The Madrid Protocol vs The Madrid Agreement

14 April 2010

In an earlier post, we explained the Madrid System for the International Registration of Marks, which is made up of the Madrid Protocol and the Madrid Agreement. These both establish an administrative process which allows the registration of trademarks in multiple countries by using a single trademark application.

It should be stated at the outset that Australia is not a signatory to the Madrid Agreement, and therefore it is not open to be used by most Australian-based clients. This post is written for clients who have a presence overseas in a country or region which is a member of the Madrid Agreement.

1. The Rising Importance of the Madrid Protocol

Although almost 100 years younger than the Madrid Agreement, the Madrid Protocol has rapidly overtaken its precedessor in importance.

As at the date of writing, there are 81 signatories to the Madrid Protocol, which easily outstrips the 56 signatories to the Madrid Agreement. Of the 56 signatories to the Madrid Agreement, only 3 have failed to ratify the Madrid Protocol: Algeria, Kazakhstan and Tajikistan.

In contrast, there are quite a few countries which are members of the Madrid Protocol without being members of the Madrid Agreement. These include:

  • Australia
  • Ireland
  • Japan
  • The European Union (as a collective body)
  • The United Kingdom
  • The United States

Further, where a party is bound by both the Madrid Agreement and the Madrid Protocol, only the provisions of the Protocol apply from 1 September 2008 and onwards.
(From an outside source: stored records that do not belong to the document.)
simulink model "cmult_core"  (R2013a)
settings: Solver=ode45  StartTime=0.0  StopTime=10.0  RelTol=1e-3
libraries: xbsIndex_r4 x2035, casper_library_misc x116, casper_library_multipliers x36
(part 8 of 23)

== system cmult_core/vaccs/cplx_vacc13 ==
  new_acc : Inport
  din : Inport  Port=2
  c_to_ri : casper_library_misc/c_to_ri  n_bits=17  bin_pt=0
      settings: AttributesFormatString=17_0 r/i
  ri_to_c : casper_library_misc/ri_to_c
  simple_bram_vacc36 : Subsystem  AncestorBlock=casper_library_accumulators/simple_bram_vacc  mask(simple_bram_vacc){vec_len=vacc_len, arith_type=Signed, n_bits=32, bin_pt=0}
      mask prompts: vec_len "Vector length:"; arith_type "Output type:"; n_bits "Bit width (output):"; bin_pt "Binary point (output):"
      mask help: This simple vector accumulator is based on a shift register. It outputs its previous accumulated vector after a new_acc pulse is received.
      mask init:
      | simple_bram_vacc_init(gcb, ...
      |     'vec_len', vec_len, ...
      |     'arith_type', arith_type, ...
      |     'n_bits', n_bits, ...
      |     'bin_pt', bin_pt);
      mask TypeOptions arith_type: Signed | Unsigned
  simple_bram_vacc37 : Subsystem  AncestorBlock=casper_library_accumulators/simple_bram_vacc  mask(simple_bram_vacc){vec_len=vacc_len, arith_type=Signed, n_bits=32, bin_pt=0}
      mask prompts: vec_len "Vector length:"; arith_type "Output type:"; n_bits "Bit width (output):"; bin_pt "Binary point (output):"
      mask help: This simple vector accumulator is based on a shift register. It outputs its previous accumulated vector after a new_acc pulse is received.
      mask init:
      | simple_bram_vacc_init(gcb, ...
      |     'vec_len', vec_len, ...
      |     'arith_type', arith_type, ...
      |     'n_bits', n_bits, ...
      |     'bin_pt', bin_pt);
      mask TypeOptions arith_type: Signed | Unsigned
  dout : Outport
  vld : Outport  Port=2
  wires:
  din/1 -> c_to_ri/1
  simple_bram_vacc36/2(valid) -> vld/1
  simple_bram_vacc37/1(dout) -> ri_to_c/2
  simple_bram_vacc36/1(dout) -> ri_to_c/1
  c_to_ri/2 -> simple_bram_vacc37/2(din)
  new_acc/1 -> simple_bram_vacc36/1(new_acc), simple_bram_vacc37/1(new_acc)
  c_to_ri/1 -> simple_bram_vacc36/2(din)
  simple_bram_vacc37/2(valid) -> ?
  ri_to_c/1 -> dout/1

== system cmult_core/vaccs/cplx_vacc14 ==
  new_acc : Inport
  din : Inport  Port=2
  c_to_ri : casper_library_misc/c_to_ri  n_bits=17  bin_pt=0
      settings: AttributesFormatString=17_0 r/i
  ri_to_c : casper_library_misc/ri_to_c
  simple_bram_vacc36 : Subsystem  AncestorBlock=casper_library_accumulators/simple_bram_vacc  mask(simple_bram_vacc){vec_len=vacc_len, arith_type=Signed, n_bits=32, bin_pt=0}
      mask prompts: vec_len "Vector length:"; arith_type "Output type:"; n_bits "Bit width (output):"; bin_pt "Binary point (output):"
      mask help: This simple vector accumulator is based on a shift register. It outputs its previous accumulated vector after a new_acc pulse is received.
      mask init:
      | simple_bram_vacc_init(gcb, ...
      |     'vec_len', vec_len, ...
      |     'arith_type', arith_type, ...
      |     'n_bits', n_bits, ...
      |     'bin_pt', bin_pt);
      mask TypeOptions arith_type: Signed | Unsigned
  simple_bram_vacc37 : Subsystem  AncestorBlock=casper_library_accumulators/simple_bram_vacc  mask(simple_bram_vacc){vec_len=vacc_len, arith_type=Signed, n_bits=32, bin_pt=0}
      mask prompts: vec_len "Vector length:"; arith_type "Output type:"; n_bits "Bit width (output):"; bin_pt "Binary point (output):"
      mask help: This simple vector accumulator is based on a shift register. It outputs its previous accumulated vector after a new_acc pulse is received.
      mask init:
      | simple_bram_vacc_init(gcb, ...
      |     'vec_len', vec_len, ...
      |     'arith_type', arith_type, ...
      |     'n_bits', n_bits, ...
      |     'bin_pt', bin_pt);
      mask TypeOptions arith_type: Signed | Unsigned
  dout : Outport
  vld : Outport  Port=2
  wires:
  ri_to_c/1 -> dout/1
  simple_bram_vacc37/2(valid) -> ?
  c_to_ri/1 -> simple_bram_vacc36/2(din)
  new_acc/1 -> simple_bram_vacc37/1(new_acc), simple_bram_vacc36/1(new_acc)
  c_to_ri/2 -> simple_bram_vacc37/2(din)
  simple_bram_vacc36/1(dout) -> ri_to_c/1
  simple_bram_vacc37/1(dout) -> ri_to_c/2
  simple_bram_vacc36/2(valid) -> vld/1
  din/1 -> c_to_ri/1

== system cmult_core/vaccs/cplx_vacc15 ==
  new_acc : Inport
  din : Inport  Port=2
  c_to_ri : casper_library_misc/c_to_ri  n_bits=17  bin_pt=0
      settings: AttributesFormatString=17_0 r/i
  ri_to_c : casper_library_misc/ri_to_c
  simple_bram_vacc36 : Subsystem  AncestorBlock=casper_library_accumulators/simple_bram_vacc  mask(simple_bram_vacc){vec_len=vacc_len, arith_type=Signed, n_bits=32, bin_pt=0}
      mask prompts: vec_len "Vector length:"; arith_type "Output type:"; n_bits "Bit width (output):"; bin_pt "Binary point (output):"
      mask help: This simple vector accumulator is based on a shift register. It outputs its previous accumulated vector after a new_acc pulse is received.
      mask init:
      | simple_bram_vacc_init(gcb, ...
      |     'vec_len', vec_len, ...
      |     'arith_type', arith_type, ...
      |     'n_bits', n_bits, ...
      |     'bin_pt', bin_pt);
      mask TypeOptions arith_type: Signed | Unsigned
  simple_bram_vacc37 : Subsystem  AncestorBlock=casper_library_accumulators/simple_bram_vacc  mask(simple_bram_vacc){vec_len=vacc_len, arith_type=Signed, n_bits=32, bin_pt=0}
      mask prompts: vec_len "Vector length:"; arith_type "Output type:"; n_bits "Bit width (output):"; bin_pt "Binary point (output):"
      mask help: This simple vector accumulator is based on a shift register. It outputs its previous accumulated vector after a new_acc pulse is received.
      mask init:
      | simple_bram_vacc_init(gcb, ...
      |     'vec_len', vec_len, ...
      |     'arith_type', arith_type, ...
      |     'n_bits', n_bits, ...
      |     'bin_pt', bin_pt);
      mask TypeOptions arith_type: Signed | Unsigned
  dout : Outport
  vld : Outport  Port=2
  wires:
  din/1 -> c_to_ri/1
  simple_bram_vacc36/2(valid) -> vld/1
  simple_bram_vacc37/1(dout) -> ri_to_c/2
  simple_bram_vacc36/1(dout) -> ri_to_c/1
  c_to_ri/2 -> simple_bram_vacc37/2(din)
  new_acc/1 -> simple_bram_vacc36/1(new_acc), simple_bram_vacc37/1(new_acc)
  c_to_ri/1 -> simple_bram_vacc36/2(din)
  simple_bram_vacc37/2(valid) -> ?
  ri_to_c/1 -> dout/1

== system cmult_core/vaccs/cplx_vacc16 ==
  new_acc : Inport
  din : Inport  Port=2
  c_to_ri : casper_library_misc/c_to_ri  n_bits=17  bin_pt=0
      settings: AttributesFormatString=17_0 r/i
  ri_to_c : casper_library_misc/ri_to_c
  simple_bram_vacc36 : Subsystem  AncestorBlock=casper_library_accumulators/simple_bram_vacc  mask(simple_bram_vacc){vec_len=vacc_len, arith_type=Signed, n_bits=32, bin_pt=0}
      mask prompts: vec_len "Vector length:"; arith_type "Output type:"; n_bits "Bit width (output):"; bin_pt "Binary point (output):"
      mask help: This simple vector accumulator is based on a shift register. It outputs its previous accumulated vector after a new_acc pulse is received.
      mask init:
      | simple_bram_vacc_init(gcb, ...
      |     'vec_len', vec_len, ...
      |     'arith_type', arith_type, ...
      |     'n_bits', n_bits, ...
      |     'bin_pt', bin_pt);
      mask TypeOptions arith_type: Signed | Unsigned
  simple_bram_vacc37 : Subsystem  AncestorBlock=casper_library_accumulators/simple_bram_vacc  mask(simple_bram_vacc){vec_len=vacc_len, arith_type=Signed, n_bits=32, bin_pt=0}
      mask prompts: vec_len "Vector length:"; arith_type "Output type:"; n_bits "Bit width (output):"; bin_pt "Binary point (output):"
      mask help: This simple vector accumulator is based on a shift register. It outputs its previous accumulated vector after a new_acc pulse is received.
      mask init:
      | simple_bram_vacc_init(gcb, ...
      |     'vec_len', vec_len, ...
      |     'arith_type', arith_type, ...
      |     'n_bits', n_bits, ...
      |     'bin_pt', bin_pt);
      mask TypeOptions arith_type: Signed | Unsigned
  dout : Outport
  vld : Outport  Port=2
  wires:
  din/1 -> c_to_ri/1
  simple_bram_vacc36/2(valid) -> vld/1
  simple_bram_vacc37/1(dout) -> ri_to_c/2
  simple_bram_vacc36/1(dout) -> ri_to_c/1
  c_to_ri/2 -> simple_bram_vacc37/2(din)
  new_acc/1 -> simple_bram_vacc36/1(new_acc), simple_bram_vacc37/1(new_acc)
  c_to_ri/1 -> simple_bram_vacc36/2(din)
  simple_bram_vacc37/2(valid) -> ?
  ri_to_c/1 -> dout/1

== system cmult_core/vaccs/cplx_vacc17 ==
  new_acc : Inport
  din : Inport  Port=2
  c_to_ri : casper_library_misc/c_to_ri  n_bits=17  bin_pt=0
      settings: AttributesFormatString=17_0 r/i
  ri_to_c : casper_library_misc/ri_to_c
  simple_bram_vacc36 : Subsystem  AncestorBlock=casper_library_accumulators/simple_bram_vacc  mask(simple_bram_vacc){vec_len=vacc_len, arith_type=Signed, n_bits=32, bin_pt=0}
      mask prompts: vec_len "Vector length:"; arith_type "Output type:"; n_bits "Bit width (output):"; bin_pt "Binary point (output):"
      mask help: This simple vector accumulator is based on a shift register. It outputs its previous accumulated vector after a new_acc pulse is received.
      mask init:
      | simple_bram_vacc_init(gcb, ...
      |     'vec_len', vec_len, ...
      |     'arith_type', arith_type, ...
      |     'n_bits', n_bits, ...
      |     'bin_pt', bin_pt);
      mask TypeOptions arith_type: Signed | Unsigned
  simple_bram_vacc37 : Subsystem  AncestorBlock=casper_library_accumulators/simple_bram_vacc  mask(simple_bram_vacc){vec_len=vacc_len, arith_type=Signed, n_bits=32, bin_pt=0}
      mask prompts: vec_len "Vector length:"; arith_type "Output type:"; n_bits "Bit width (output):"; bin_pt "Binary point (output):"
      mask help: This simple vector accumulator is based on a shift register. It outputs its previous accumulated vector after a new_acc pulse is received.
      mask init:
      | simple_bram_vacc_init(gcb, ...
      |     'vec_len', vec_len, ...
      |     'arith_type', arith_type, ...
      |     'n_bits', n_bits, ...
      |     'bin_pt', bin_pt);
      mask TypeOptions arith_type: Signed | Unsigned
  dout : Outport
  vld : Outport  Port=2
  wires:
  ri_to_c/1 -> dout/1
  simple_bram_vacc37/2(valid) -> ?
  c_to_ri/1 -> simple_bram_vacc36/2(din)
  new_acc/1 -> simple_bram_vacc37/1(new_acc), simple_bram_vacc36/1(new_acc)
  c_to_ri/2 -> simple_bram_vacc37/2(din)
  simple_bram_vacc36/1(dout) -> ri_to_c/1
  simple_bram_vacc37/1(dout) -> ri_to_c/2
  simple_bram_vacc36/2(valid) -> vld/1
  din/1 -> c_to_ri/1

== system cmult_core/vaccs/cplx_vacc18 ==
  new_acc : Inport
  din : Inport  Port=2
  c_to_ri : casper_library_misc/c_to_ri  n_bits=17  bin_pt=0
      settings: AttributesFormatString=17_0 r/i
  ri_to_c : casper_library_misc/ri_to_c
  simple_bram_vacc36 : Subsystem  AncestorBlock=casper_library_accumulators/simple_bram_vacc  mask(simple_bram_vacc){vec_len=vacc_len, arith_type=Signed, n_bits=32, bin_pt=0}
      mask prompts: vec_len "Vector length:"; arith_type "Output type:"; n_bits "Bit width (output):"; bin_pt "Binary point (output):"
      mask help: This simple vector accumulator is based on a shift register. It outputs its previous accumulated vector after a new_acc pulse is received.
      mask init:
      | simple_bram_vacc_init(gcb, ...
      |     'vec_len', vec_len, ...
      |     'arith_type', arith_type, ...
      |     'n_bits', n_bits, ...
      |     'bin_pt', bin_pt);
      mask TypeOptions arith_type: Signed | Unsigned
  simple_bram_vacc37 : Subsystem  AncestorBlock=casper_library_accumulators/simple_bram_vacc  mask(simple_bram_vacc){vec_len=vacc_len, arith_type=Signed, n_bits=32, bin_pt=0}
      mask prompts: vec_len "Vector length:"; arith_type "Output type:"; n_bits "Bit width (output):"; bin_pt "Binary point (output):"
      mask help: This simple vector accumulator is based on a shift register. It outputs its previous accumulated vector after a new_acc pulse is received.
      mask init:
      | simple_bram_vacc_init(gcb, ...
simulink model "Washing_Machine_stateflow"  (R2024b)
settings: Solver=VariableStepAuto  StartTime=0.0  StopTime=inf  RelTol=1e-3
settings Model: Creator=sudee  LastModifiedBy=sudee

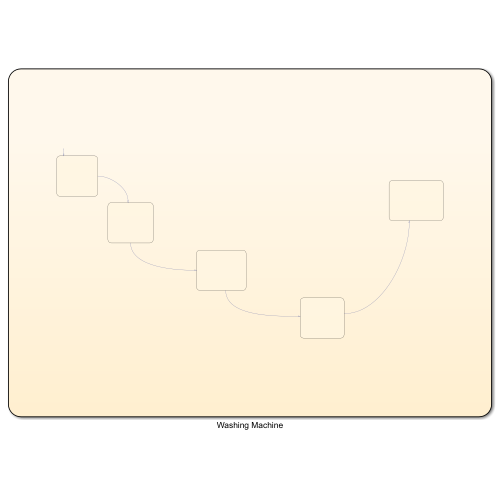
[thumbnail: Simulink's stored preview of the top-level diagram]
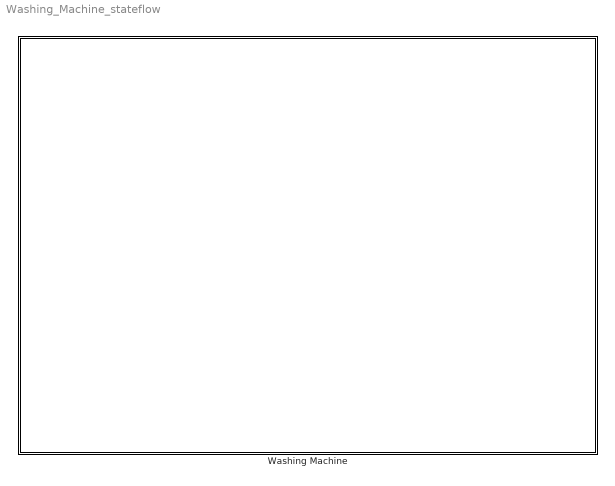
== system Washing_Machine_stateflow ==
  Washing Machine : Stateflow chart  TreatAsAtomicUnit=on

== stateflow chart Washing_Machine_stateflow/Washing Machine ==
  state Fill
    entry:
    disp('Filling water...');
    during:
    fill_time = fill_time + 1;
    exit:
    if fill_time >= Fill_Duration
    disp('Filling Complete.');
    end
    ;
  state Done
    entry:
    disp('Cycle Complete. Washing Done.');
  state Wash
    entry:
    disp('Washing...');
    during:
    wash_time = wash_time + 1;
    exit:
    if wash_time >= Wash_Duration
    disp('Washing Complete.');
    end
  state Rinse
    entry:
    disp('Rinsing...');
    during:
    rinse_time = rinse_time + 1;
    exit:
    if rinse_time >= Rinse_Duration
    disp('Rinsing Complete.');
    end
  state Spin
    entry:
    disp('Spinning...');
    during:
    spin_time = spin_time + 1;
    exit:
    if spin_time >= Spin_Duration
    disp('Spinning Complete.');
    end
  (default) -> Fill
  Fill -> Wash : [after(30, sec)]
  Spin -> Done : [after(40, sec)]
  Wash -> Rinse : [after(40, sec)]
  Rinse -> Spin : [after(40, sec)]
  data: wash_time local =10; spin_time local =10; rinse_time local =10; fill_time local =10; Fill_Duration local double; Rinse_Duration local double; Spin_Duration local double; Wash_Duration local double
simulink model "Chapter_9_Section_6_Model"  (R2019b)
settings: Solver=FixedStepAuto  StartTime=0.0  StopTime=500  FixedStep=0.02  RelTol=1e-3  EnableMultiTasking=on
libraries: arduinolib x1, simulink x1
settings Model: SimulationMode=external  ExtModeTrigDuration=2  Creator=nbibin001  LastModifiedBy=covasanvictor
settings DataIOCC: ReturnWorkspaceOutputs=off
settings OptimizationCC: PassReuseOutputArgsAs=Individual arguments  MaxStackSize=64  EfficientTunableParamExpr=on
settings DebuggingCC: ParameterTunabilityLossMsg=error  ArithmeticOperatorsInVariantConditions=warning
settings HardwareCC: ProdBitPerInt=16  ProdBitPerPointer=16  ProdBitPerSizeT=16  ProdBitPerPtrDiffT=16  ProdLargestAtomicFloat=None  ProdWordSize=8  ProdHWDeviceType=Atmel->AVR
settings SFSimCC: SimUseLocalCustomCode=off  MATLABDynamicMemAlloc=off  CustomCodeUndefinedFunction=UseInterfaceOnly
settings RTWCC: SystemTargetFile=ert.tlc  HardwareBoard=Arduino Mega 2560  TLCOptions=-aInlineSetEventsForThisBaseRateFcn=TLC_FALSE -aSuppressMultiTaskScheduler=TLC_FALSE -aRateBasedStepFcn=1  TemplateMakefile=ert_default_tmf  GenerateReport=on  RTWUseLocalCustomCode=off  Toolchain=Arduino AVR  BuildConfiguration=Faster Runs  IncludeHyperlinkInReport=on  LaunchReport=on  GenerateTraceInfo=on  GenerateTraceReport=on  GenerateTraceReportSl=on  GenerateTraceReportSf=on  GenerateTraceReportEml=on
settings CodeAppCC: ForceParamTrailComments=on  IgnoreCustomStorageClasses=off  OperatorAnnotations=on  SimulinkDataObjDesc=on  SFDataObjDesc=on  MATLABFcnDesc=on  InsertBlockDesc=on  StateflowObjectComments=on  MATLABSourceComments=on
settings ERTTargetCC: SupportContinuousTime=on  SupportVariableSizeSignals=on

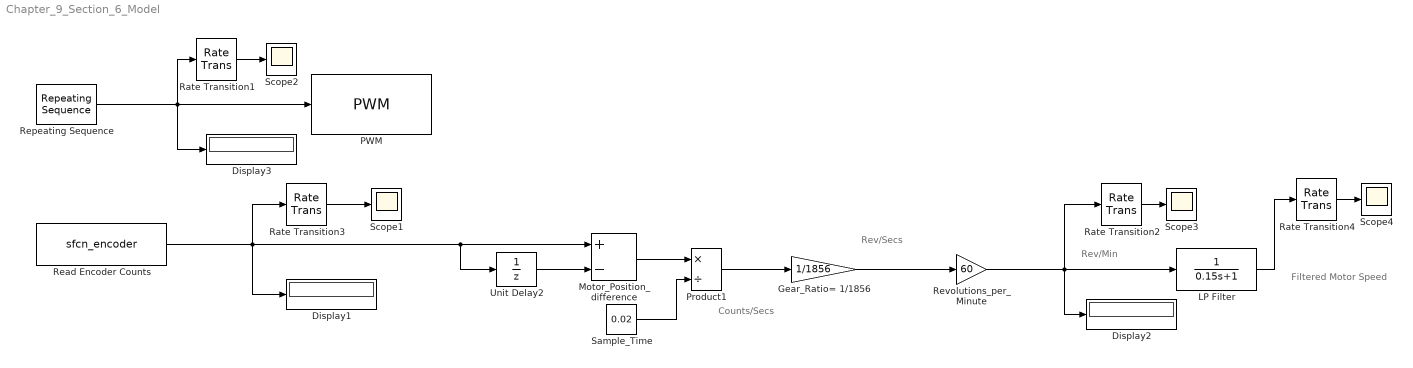
== system Chapter_9_Section_6_Model ==
  note: Counts/Secs
  note: Rev/Secs
  note: Rev/Min
  note: Filtered Motor Speed
  Display1 : Display
  Display2 : Display
  Display3 : Display
  Gear_Ratio= 1/1856 : Gain  Gain=1/1856
  LP Filter : TransferFcn  Denominator=[0.15 1]
  Motor_Position_difference : Sum  Inputs=+-
  PWM : arduinolib/PWM  pinNumber=5  EnableInputFrequency=off  InitialFrequency=2000  InitialDutyCycle=0  NotificationType=None  blockPlatform=arduino
  Product1 : Product  Inputs=*/
  Rate Transition{1..4} (4 alike) : RateTransition
  Read Encoder Counts : S-Function  InitFcn=try, set_param(gcb,'FunctionName','sfcn_encoder'), end  FunctionName=sfcn_encoder  Parameters=uint8(0),uint8(2),uint8(3)  SFunctionModules=sfcn_encoder_wrapper  SFunctionDeploymentMode=off  EnableBusSupport=off  mask(S-Function Builder){}
      mask init:
      | val = [[.9  0.75 0.75 1 1 .9 .9 1]',[1 1 0.75 0.75 .9 .9 1 .9]'];try , sys = get_param(gcb,'SfunBuilderFcnName');if isempty(sys), sys = get_param(gcb,'FunctionName'); end,catch, sys = get_param(gcb,'FunctionName'); end
      settings: CopyFcn=set_param(gcbh,'LinkStatus','none')  PreSaveFcn=try, set_param(gcb,'FunctionName','sfcn_encoder'), end  OpenFcn=sfunctionwizard(gcbh)
      mask Display: plot(val(:,1),val(:,2)),disp(sys), port_label('output',1,'pos')
  Repeating Sequence : simulink/Sources/Repeating Sequence  rep_seq_t="[0 \t  49.9   50   99.9 100  149.9  150 199.9 \t200   249.9   250 299.9 300   349.9   350 399.9 400   449.9   450 500]"  rep_seq_y="[25.5 25.5   50.1 50.1 76.5 76.5   102 102\t    127.5 127.5   153 153   178.5 178.5   204 204   229.5 229.5   255 255]"
  Revolutions_per_Minute : Gain  Gain=60
  Sample_Time : Constant  Value=0.02
  Scope{1..4} (4 alike) : Scope
  Unit Delay2 : UnitDelay  SampleTime=-1  HasFrameUpgradeWarning=on
  wires:
  Repeating Sequence/1 -> PWM/1, Rate Transition1/1, Display3/1
  Unit Delay2/1 -> Motor_Position_difference/2
  Sample_Time/1 -> Product1/2
  Product1/1 -> Gear_Ratio= 1/1856/1
  Gear_Ratio= 1/1856/1 -> Revolutions_per_Minute/1
  Revolutions_per_Minute/1 -> LP Filter/1, Display2/1, Rate Transition2/1
  Motor_Position_difference/1 -> Product1/1
  Rate Transition2/1 -> Scope3/1
  Rate Transition1/1 -> Scope2/1
  Rate Transition3/1 -> Scope1/1
  Read Encoder Counts/1 -> Display1/1, Rate Transition3/1, Motor_Position_difference/1, Unit Delay2/1
  LP Filter/1 -> Rate Transition4/1
  Rate Transition4/1 -> Scope4/1
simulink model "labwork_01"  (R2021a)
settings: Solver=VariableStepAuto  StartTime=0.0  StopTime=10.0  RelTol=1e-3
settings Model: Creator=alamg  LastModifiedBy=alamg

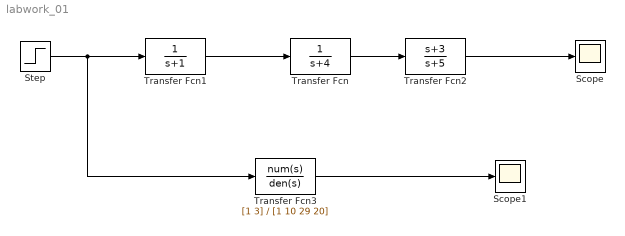
== system labwork_01 ==
  Scope : Scope
  Scope1 : Scope
  Step : Step  SampleTime=0
  Transfer Fcn : TransferFcn  Denominator=[1 4]
  Transfer Fcn1 : TransferFcn  Denominator=[1 1]
  Transfer Fcn2 : TransferFcn  Numerator=[1 3]  Denominator=[1 5]
  Transfer Fcn3 : TransferFcn  Numerator=[1 3]  Denominator=[1 10 29 20]
  wires:
  Transfer Fcn1/1 -> Transfer Fcn/1
  Transfer Fcn/1 -> Transfer Fcn2/1
  Transfer Fcn2/1 -> Scope/1
  Transfer Fcn3/1 -> Scope1/1
  Step/1 -> Transfer Fcn3/1, Transfer Fcn1/1
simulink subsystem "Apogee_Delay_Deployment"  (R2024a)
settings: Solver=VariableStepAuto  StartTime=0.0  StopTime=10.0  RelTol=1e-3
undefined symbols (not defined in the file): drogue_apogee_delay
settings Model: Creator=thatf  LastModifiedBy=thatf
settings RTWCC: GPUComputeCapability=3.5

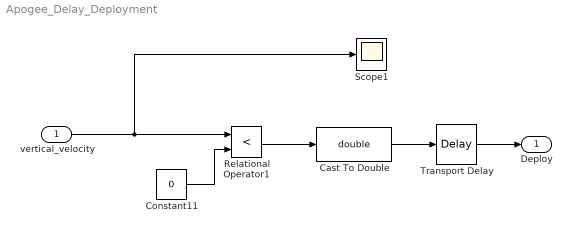
== system Apogee_Delay_Deployment ==
  vertical_velocity : Inport
  Cast To Double : DataTypeConversion  OutDataTypeStr=double  SaturateOnIntegerOverflow=off  RndMeth=Floor
  Constant11 : Constant  Value=0
  Relational Operator1 : RelationalOperator  Operator=<  OutDataTypeStr=boolean  RndMeth=Simplest  InputSameDT=off
  Scope1 : Scope
  Transport Delay : TransportDelay  DelayTime=drogue_apogee_delay
  Deploy : Outport
  wires:
  Transport Delay/1 -> Deploy/1
  vertical_velocity/1 -> Relational Operator1/1, Scope1/1
  Constant11/1 -> Relational Operator1/2
  Relational Operator1/1 -> Cast To Double/1
  Cast To Double/1 -> Transport Delay/1

2. Differences between the Madrid Protocol and the Madrid Agreement

a. Disadvantages of the Madrid Protocol

Use of the Madrid Protocol is slightly less advantageous for applicants than the Madrid Agreement in the following areas:

  • Longer Refusal Periods: The national trademark offices can refuse to register a Protocol application 18 months from the application date (and longer in the case of refusals based on oppositions) whereas they only have 12 months under the Agreement
  • Higher Fees: The fees for Protocol Applications are slightly higher than for Agreement Applications, although they are still much less than filing direct national applications

b. Advantages of the Madrid Protocol

Importantly, the Madrid Protocol has introduced a number of advantages for trademark owners. These include:

  • Language: Madrid Agreement Applications must be in French, whereas Protocol Applications may be in French, English or Spanish (which is obviously an advantage in non-French speaking jurisdictions
  • Timing: Protocol Applications can be based upon either an existing trademark registration or a pending application, whereas Agreement Applications can only be based on existing registrations. Therefore, international protection can be sought at a much earlier stage;
  • Coverage: As explained above, protection is available under the Protocol in some 25 additional countries, including very important markets such as the United States, the United Kingdom and Japan; and
  • The Presence of a “Plan B”: If the basic trademark application is refused, withdrawn or cancelled, a Madrid Protocol registration can be converted into national applications without losing the original filing date (although this is quite expensive).